The Heartwood Crown
Page 24
“How?” Shula asked. “How did they do this?”
Lin looked at her like she was a child. “By stopping death,” she said. “By removing the heartwood. There is no more death for the Elenil, but also no more life. Do you see?”
Shula wasn’t sure she did see. She knew the Elenil were long lived. In fact, people like Hanali and Rondelo and Gilenyia were considered children even though they were hundreds of years old. She wondered about that, though. Why were they the youngest of the Elenil? Why weren’t there any actual children? “So the long lives of the Elenil are tied to Aluvorea?”

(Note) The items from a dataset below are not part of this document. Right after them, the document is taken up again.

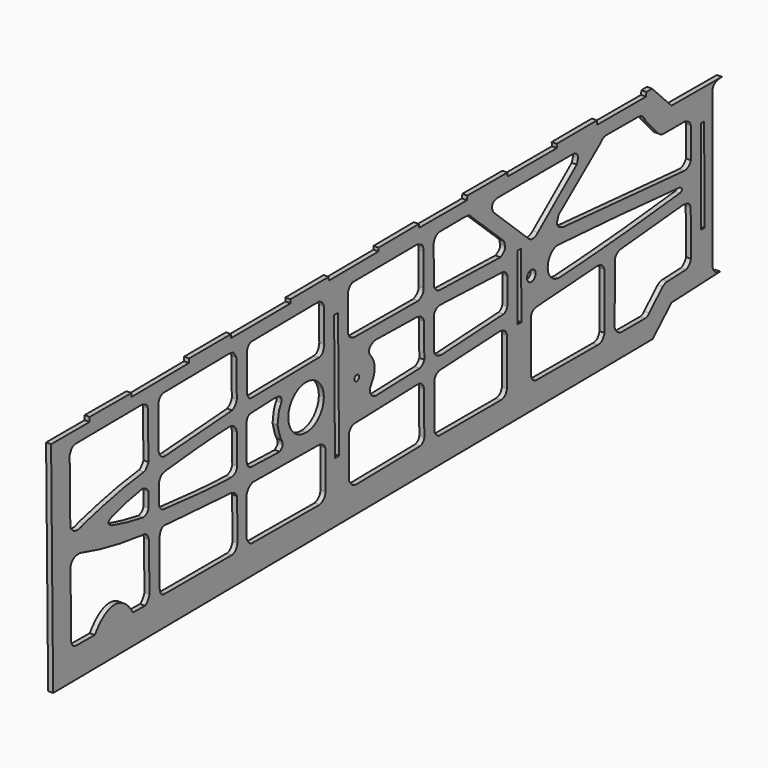
from build123d import *

# Parameters (mm, degrees)
F1_DEPTH = 3


# Not quite as in the source:
# - ends of sketch curves that miss each other by under 0.0002 mm in the source are joined


with BuildPart() as f1:
    # F0 (on Right) → F1 (new body)
    with BuildSketch(Plane.YZ):
        with BuildLine():
            Line((-223.454028, 63.686141), (-252.359227, 63.686134))
            Line((-252.359227, 63.686134), (-250.815738, -68.351794))
            Line((-250.815738, -68.351794), (198.741292, -64.166358))
            Line((198.741292, -64.166358), (212.947304, -50.654891))
            Line((212.947304, -50.654891), (249.3845559243, -49.0590650289))
            add(Edge.make_bspline(
                [(243.519284, -44.217356), (244.3534650538, -46.8721012451), (245.7624389816, -48.993112909), (249.3845559243, -49.0590650289)],
                knots=[0, 0, 0, 0, 0.8995873514, 0.8995873514, 0.8995873514, 0.8995873514], degree=3))
            Line((243.519284, -44.217356), (243.659587, 49.022967))
            add(Edge.make_bspline(
                [(250.7015376364, 53.2383428294), (246.4280040816, 53.1173614606), (243.8476255087, 51.8676123711), (243.659587, 49.022967)],
                knots=[0.1098221015, 0.1098221015, 0.1098221015, 0.1098221015, 1, 1, 1, 1], degree=3))
            Line((250.7015376364, 53.2383428294), (212.860117, 53.372772))
            Line((212.860117, 53.372772), (198.267202, 68.316484))
            Line((198.267202, 68.316484), (194.057707, 68.246359))
            Line((194.057707, 68.246359), (193.777087, 65.860969))
            Line((193.777087, 65.860969), (157.084319, 65.931169))
            Line((157.084319, 65.931169), (156.968077, 68.351794))
            Line((156.968077, 68.351794), (126.809999, 68.228509))
            Line((126.809999, 68.228509), (126.940349, 65.890062))
            Line((126.940349, 65.890062), (90.132194, 65.858937))
            Line((90.132194, 65.858937), (89.831609, 68.061207))
            Line((89.831609, 68.061207), (59.792714, 68.095257))
            Line((59.792714, 68.095257), (59.523254, 65.725692))
            Line((59.523254, 65.725692), (23.468969, 65.793792))
            Line((23.468969, 65.793792), (23.406719, 67.899747))
            Line((23.406719, 67.899747), (-6.771301, 67.670202))
            Line((-6.771301, 67.670202), (-6.808276, 65.663457))
            Line((-6.808276, 65.663457), (-44.109608, 65.433882))
            Line((-44.109608, 65.433882), (-44.211743, 67.471759))
            Line((-44.211743, 67.471759), (-72.867444, 67.273324))
            Line((-72.867444, 67.273324), (-72.768226, 65.068144))
            Line((-72.768226, 65.068144), (-117.241494, 64.866784))
            Line((-117.241494, 64.866784), (-117.471054, 67.006782))
            Line((-117.471054, 67.006782), (-148.805656, 66.913414))
            Line((-148.805656, 66.913414), (-149.016129, 64.528031))
            Line((-149.016129, 64.528031), (-192.093293, 64.107087))
            Line((-192.093293, 64.107087), (-192.093293, 66.211827))
            Line((-192.093293, 66.211827), (-223.45403, 66.352152))
            Line((-223.45403, 66.352152), (-223.454028, 63.686141))
        make_face()
        with BuildLine():
            add(Edge.make_bspline(
                [(-185.469361, -11.927434), (-183.188686, -12.714603), (-180.524828, -10.819504), (-178.966651, -16.664156)],
                knots=[0, 0, 0, 0, 1, 1, 1, 1], degree=3))
            Line((-178.966651, -16.664156), (-178.586798, -45.671486))
            add(Edge.make_bspline(
                [(-178.586798, -45.671486), (-179.367706, -47.536249), (-180.094936, -49.454689), (-181.903328, -50.291966)],
                knots=[0, 0, 0, 0, 1, 1, 1, 1], degree=3))
            Line((-181.903328, -50.291966), (-190.965773, -50.127559))
            add(Edge.make_bspline(
                [(-190.965773, -50.127559), (-197.718098, -38.522186), (-209.369941, -35.610289), (-219.624386, -50.391184)],
                knots=[0, 0, 0, 0, 1, 1, 1, 1], degree=3))
            Line((-219.624386, -50.391184), (-234.268371, -50.257916))
            add(Edge.make_bspline(
                [(-234.268371, -50.257916), (-236.57985, -49.769569), (-236.814172, -48.094279), (-237.352413, -46.592651)],
                knots=[0, 0, 0, 0, 1, 1, 1, 1], degree=3))
            Line((-237.352413, -46.592651), (-237.766312, -6.609506))
            add(Edge.make_bspline(
                [(-237.766312, -6.609506), (-236.873533, -4.170724), (-234.936552, -2.219291), (-230.370634, -2.666553)],
                knots=[0, 0, 0, 0, 1, 1, 1, 1], degree=3))
            add(Edge.make_bspline(
                [(-230.370634, -2.666553), (-215.684731, -7.300046), (-200.683981, -10.201894), (-185.469361, -11.927434)],
                knots=[0, 0, 0, 0, 1, 1, 1, 1], degree=3))
        make_face(mode=Mode.SUBTRACT)
        with BuildLine():
            add(Edge.make_bspline(
                [(-171.045819, -18.469173), (-170.595204, -15.154406), (-169.183906, -12.944419), (-165.012211, -13.908896)],
                knots=[0, 0, 0, 0, 1, 1, 1, 1], degree=3))
            Line((-165.012211, -13.908896), (-117.164289, -16.995858))
            add(Edge.make_bspline(
                [(-117.164289, -16.995858), (-115.697108, -17.654216), (-114.175929, -17.664588), (-112.884631, -20.433603)],
                knots=[0, 0, 0, 0, 1, 1, 1, 1], degree=3))
            Line((-112.884631, -20.433603), (-112.533834, -45.339799))
            add(Edge.make_bspline(
                [(-112.533834, -45.339799), (-113.115781, -47.830181), (-114.253869, -49.713858), (-116.883646, -49.970231)],
                knots=[0, 0, 0, 0, 1, 1, 1, 1], degree=3))
            Line((-116.883646, -49.970231), (-166.625843, -49.970231))
            add(Edge.make_bspline(
                [(-166.625843, -49.970231), (-170.627229, -50.111966), (-170.495881, -47.774058), (-170.905501, -45.760728)],
                knots=[0, 0, 0, 0, 1, 1, 1, 1], degree=3))
            Line((-170.905501, -45.760728), (-171.045819, -18.469173))
        make_face(mode=Mode.SUBTRACT)
        with BuildLine():
            add(Edge.make_bspline(
                [(-105.798646, -22.959304), (-105.402519, -20.674301), (-103.734421, -18.629246), (-101.098044, -17.837749)],
                knots=[0, 0, 0, 0, 1, 1, 1, 1], degree=3))
            Line((-101.098044, -17.837749), (-50.654259, -18.328856))
            add(Edge.make_bspline(
                [(-50.654259, -18.328856), (-48.908903, -19.015661), (-47.067421, -19.953596), (-46.708381, -22.026709)],
                knots=[0, 0, 0, 0, 1, 1, 1, 1], degree=3))
            Line((-46.708381, -22.026709), (-46.568063, -44.968459))
            add(Edge.make_bspline(
                [(-46.568063, -44.968459), (-46.795951, -46.929536), (-47.242666, -48.848539), (-50.847714, -50.160169)],
                knots=[0, 0, 0, 0, 1, 1, 1, 1], degree=3))
            Line((-50.847714, -50.160169), (-99.694876, -49.829906))
            add(Edge.make_bspline(
                [(-99.694876, -49.829906), (-102.242341, -50.413526), (-104.378469, -49.248956), (-105.868809, -45.339784)],
                knots=[0, 0, 0, 0, 1, 1, 1, 1], degree=3))
            Line((-105.868809, -45.339784), (-105.798646, -22.959304))
        make_face(mode=Mode.SUBTRACT)
        with BuildLine():
            add(Edge.make_bspline(
                [(-29.071021, -21.469594), (-28.403438, -20.100048), (-27.786834, -18.711394), (-25.663531, -17.887743)],
                knots=[0, 0, 0, 0, 1, 1, 1, 1], degree=3))
            Line((-25.663531, -17.887743), (22.464607, -16.416483))
            add(Edge.make_bspline(
                [(22.464607, -16.416483), (25.732439, -16.533971), (26.875619, -18.492821), (27.355394, -21.026628)],
                knots=[0, 0, 0, 0, 1, 1, 1, 1], degree=3))
            Line((27.355394, -21.026628), (27.507742, -46.520861))
            add(Edge.make_bspline(
                [(27.507742, -46.520861), (27.197144, -48.511601), (25.988241, -49.304599), (24.565222, -49.812101)],
                knots=[0, 0, 0, 0, 1, 1, 1, 1], degree=3))
            Line((24.565222, -49.812101), (-23.771326, -50.547731))
            add(Edge.make_bspline(
                [(-23.771326, -50.547731), (-26.975514, -50.091904), (-28.014856, -48.192844), (-29.024934, -46.274276)],
                knots=[0, 0, 0, 0, 1, 1, 1, 1], degree=3))
            Line((-29.024934, -46.274276), (-29.071021, -21.469594))
        make_face(mode=Mode.SUBTRACT)
        with BuildLine():
            add(Edge.make_bspline(
                [(34.990252, -19.272671), (35.928261, -16.636248), (37.734569, -15.881134), (39.786794, -15.658849)],
                knots=[0, 0, 0, 0, 1, 1, 1, 1], degree=3))
            Line((39.786794, -15.658849), (84.575549, -13.439921))
            add(Edge.make_bspline(
                [(84.575549, -13.439921), (86.447804, -14.186246), (88.551832, -13.773671), (89.722889, -18.025991)],
                knots=[0, 0, 0, 0, 1, 1, 1, 1], degree=3))
            Line((89.722889, -18.025991), (89.524447, -46.055899))
            add(Edge.make_bspline(
                [(89.524447, -46.055899), (88.801139, -47.715056), (88.813492, -49.646749), (84.972419, -50.150861)],
                knots=[0, 0, 0, 0, 1, 1, 1, 1], degree=3))
            Line((84.972419, -50.150861), (38.357489, -50.092736))
            add(Edge.make_bspline(
                [(38.357489, -50.092736), (37.293194, -49.510151), (36.228907, -48.673106), (35.164612, -46.975856)],
                knots=[0, 0, 0, 0, 1, 1, 1, 1], degree=3))
            Line((35.164612, -46.975856), (34.990252, -19.272671))
        make_face(mode=Mode.SUBTRACT)
        with BuildLine():
            add(Edge.make_bspline(
                [(107.395836, -16.614919), (107.336886, -13.966879), (108.337056, -11.933779), (112.356779, -11.653984)],
                knots=[0, 0, 0, 0, 1, 1, 1, 1], degree=3))
            Line((112.356779, -11.653984), (157.005216, -8.677421))
            add(Edge.make_bspline(
                [(157.005216, -8.677421), (161.068102, -8.682671), (161.816571, -10.713926), (162.595514, -12.726296)],
                knots=[0, 0, 0, 0, 1, 1, 1, 1], degree=3))
            Line((162.595514, -12.726296), (162.759899, -46.380544))
            add(Edge.make_bspline(
                [(162.759899, -46.380544), (161.656956, -48.155134), (161.504714, -50.523919), (157.600529, -50.547731)],
                knots=[0, 0, 0, 0, 1, 1, 1, 1], degree=3))
            Line((157.600529, -50.547731), (111.563024, -50.349296))
            add(Edge.make_bspline(
                [(111.563024, -50.349296), (109.135424, -50.263361), (108.270757, -48.614486), (107.594279, -46.777421)],
                knots=[0, 0, 0, 0, 1, 1, 1, 1], degree=3))
            Line((107.594279, -46.777421), (107.395836, -16.614919))
        make_face(mode=Mode.SUBTRACT)
        with BuildLine():
            add(Edge.make_bspline(
                [(170.569116, -10.880179), (170.618391, -8.514829), (172.438589, -7.920431), (173.906452, -6.973684)],
                knots=[0, 0, 0, 0, 1, 1, 1, 1], degree=3))
            Line((173.906452, -6.973684), (222.092714, -2.525861))
            add(Edge.make_bspline(
                [(222.092714, -2.525861), (224.573639, -2.888156), (227.001547, -3.316728), (227.286134, -6.424451)],
                knots=[0, 0, 0, 0, 1, 1, 1, 1], degree=3))
            Line((227.286134, -6.424451), (227.578806, -33.564304))
            add(Edge.make_bspline(
                [(227.578806, -33.564304), (226.806809, -35.571911), (225.586056, -36.951259), (223.878651, -37.649299)],
                knots=[0, 0, 0, 0, 1, 1, 1, 1], degree=3))
            Line((223.878651, -37.649299), (210.186464, -38.244611))
            add(Edge.make_bspline(
                [(210.186464, -38.244611), (208.760789, -37.950641), (207.521376, -38.774231), (206.277899, -39.573491)],
                knots=[0, 0, 0, 0, 1, 1, 1, 1], degree=3))
            Line((206.277899, -39.573491), (196.097399, -49.357106))
            add(Edge.make_bspline(
                [(196.097399, -49.357106), (195.487604, -50.554729), (194.205142, -50.631251), (193.064781, -50.944608)],
                knots=[0, 0, 0, 0, 1, 1, 1, 1], degree=3))
            Line((193.064781, -50.944608), (175.063026, -50.944608))
            add(Edge.make_bspline(
                [(175.063026, -50.944608), (172.519807, -50.312141), (170.878687, -48.777573), (170.206297, -46.274276)],
                knots=[0, 0, 0, 0, 1, 1, 1, 1], degree=3))
            Line((170.206297, -46.274276), (170.569116, -10.880179))
        make_face(mode=Mode.SUBTRACT)
        with BuildLine():
            add(Edge.make_bspline(
                [(-183.833708, 12.355819), (-181.731931, 11.665909), (-179.754391, 10.862119), (-179.213236, 8.741636)],
                knots=[0, 0, 0, 0, 1, 1, 1, 1], degree=3))
            Line((-179.213236, 8.741636), (-179.247286, 0.203494))
            add(Edge.make_bspline(
                [(-179.247286, 0.203494), (-179.772406, -1.527393), (-180.962356, -2.704263), (-183.074011, -3.113036)],
                knots=[0, 0, 0, 0, 1, 1, 1, 1], degree=3))
            add(Edge.make_bspline(
                [(-183.074011, -3.113036), (-190.995511, -1.719176), (-198.889996, -0.217271), (-206.550886, 2.218999)],
                knots=[0, 0, 0, 0, 1, 1, 1, 1], degree=3))
            add(Edge.make_bspline(
                [(-206.550886, 2.218999), (-211.698023, 4.504886), (-208.323691, 6.058902), (-206.601961, 6.972731)],
                knots=[0, 0, 0, 0, 1, 1, 1, 1], degree=3))
            add(Edge.make_bspline(
                [(-206.601961, 6.972731), (-198.882683, 9.416344), (-191.288401, 11.235034), (-183.833708, 12.355819)],
                knots=[0, 0, 0, 0, 1, 1, 1, 1], degree=3))
        make_face(mode=Mode.SUBTRACT)
        with BuildLine():
            add(Edge.make_bspline(
                [(-118.076341, 18.574392), (-115.710886, 18.018656), (-113.612281, 17.035961), (-113.095104, 13.522984)],
                knots=[0, 0, 0, 0, 1, 1, 1, 1], degree=3))
            Line((-113.095104, 13.522984), (-112.744314, -4.647994))
            add(Edge.make_bspline(
                [(-112.744314, -4.647994), (-113.135221, -6.587546), (-114.094824, -8.191879), (-117.023963, -8.787348)],
                knots=[0, 0, 0, 0, 1, 1, 1, 1], degree=3))
            add(Edge.make_bspline(
                [(-117.023963, -8.787348), (-133.428218, -8.425736), (-149.842133, -6.762558), (-166.255966, -5.110053)],
                knots=[0, 0, 0, 0, 1, 1, 1, 1], degree=3))
            add(Edge.make_bspline(
                [(-166.255966, -5.110053), (-169.180426, -5.151528), (-170.572659, -3.841008), (-171.255256, -1.904358)],
                knots=[0, 0, 0, 0, 1, 1, 1, 1], degree=3))
            Line((-171.255256, -1.904358), (-171.452236, 10.262081))
            add(Edge.make_bspline(
                [(-171.452236, 10.262081), (-170.768828, 13.413349), (-168.927143, 14.353347), (-166.801246, 14.750756)],
                knots=[0, 0, 0, 0, 1, 1, 1, 1], degree=3))
            add(Edge.make_bspline(
                [(-166.801246, 14.750756), (-150.402271, 16.392424), (-133.934971, 18.193526), (-118.076341, 18.574392)],
                knots=[0, 0, 0, 0, 1, 1, 1, 1], degree=3))
        make_face(mode=Mode.SUBTRACT)
        with BuildLine():
            add(Edge.make_bspline(
                [(-238.409774, 52.190149), (-237.500049, 54.070061), (-237.025687, 56.330929), (-234.101058, 56.447801)],
                knots=[0, 0, 0, 0, 1, 1, 1, 1], degree=3))
            Line((-234.101058, 56.447801), (-184.148393, 56.892821))
            add(Edge.make_bspline(
                [(-184.148393, 56.892821), (-182.244473, 56.194519), (-179.993078, 55.843692), (-179.856698, 53.377856)],
                knots=[0, 0, 0, 0, 1, 1, 1, 1], degree=3))
            Line((-179.856698, 53.377856), (-179.281328, 24.517879))
            add(Edge.make_bspline(
                [(-179.281328, 24.517879), (-180.728888, 22.004479), (-181.942906, 20.658784), (-182.861461, 20.790387)],
                knots=[0, 0, 0, 0, 1, 1, 1, 1], degree=3))
            add(Edge.make_bspline(
                [(-182.861461, 20.790387), (-197.639273, 19.169794), (-212.623171, 15.694362), (-227.663524, 11.710902)],
                knots=[0, 0, 0, 0, 1, 1, 1, 1], degree=3))
            add(Edge.make_bspline(
                [(-227.663524, 11.710902), (-231.857013, 9.781962), (-235.58942, 9.437554), (-237.930701, 13.873774)],
                knots=[0, 0, 0, 0, 1, 1, 1, 1], degree=3))
            Line((-237.930701, 13.873774), (-238.409774, 52.190149))
        make_face(mode=Mode.SUBTRACT)
        with BuildLine():
            add(Edge.make_bspline(
                [(-105.864181, 15.103309), (-105.561541, 16.600804), (-105.670156, 18.193212), (-103.040469, 19.153699)],
                knots=[0, 0, 0, 0, 1, 1, 1, 1], degree=3))
            Line((-103.040469, 19.153699), (-84.505629, 19.907382))
            add(Edge.make_bspline(
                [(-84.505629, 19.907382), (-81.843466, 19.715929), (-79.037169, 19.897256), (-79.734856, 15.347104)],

“Of course. The magic comes from the well beneath the world. The trees bring it up through their roots.” She held up the pod. “The magic comes in many forms, like this seed. The Elenil have trapped it here, instead of letting the seeds grow where they will. No new magic sprouts. No old magic dies. It is weak. Vulnerable. It has no core.”
Madeline held out her hand for the pod, turned it over in her palm. “My dad used to take me hiking, and we would see pods like this sometimes. He said this kind only opened when there was a fire. The rangers had discovered they needed to do controlled burns sometimes or the forest wouldn’t be healthy. Forests—the kind with this sort of seed pod, anyway—need fire.”
Lin’s eyebrows rose. “Yes. But the Elenil keep the firethorns carefully in their territory. The firethorns should move through the woods from time to time, setting flame to the old and opening the seeds of the new. The Elenil make sure this cannot happen.”
Madeline pulled at the Queen’s Breath on her neck, resettling it slightly. “So if I put on the Heartwood Crown I’ll be able to, what? Restart the forest?”
“Yes, yes! These old things will come to life again. There will be new magic. It will heal the Wasted Lands and spread the forest. Then the firethorns will burn the woods, making space for the new plants, the new magic.”
Shula took the pod and cracked it against the stone. Nothing. Madeline said it would open with fire. Shula let her hands warm and get hotter and hotter until flames rippled alongside her fingers. The pod got hotter in her hand. Its skin started to blister, then to split open, and when it popped, a bright geyser of light shot out of it straight into the air, and sparkling seeds like glitter fell into the trees around them. Madeline gasped and actually clapped her hands. Shula smiled. It was like a firework. She wished Yenil had been here to see it. She wanted to use her fire to set off more of them.
“It will heal the Wasted Lands,” Madeline said, her voice almost dreamy.
“But the Elenil will lose their immortality,” Shula said, looking at the burned husk of the seedpod in her hand.
Lin’s eyes lit up. “All magic will burn away for a few days, to be reborn for another century. No, the Elenil will not have so much of it, but such is the way of the trees.”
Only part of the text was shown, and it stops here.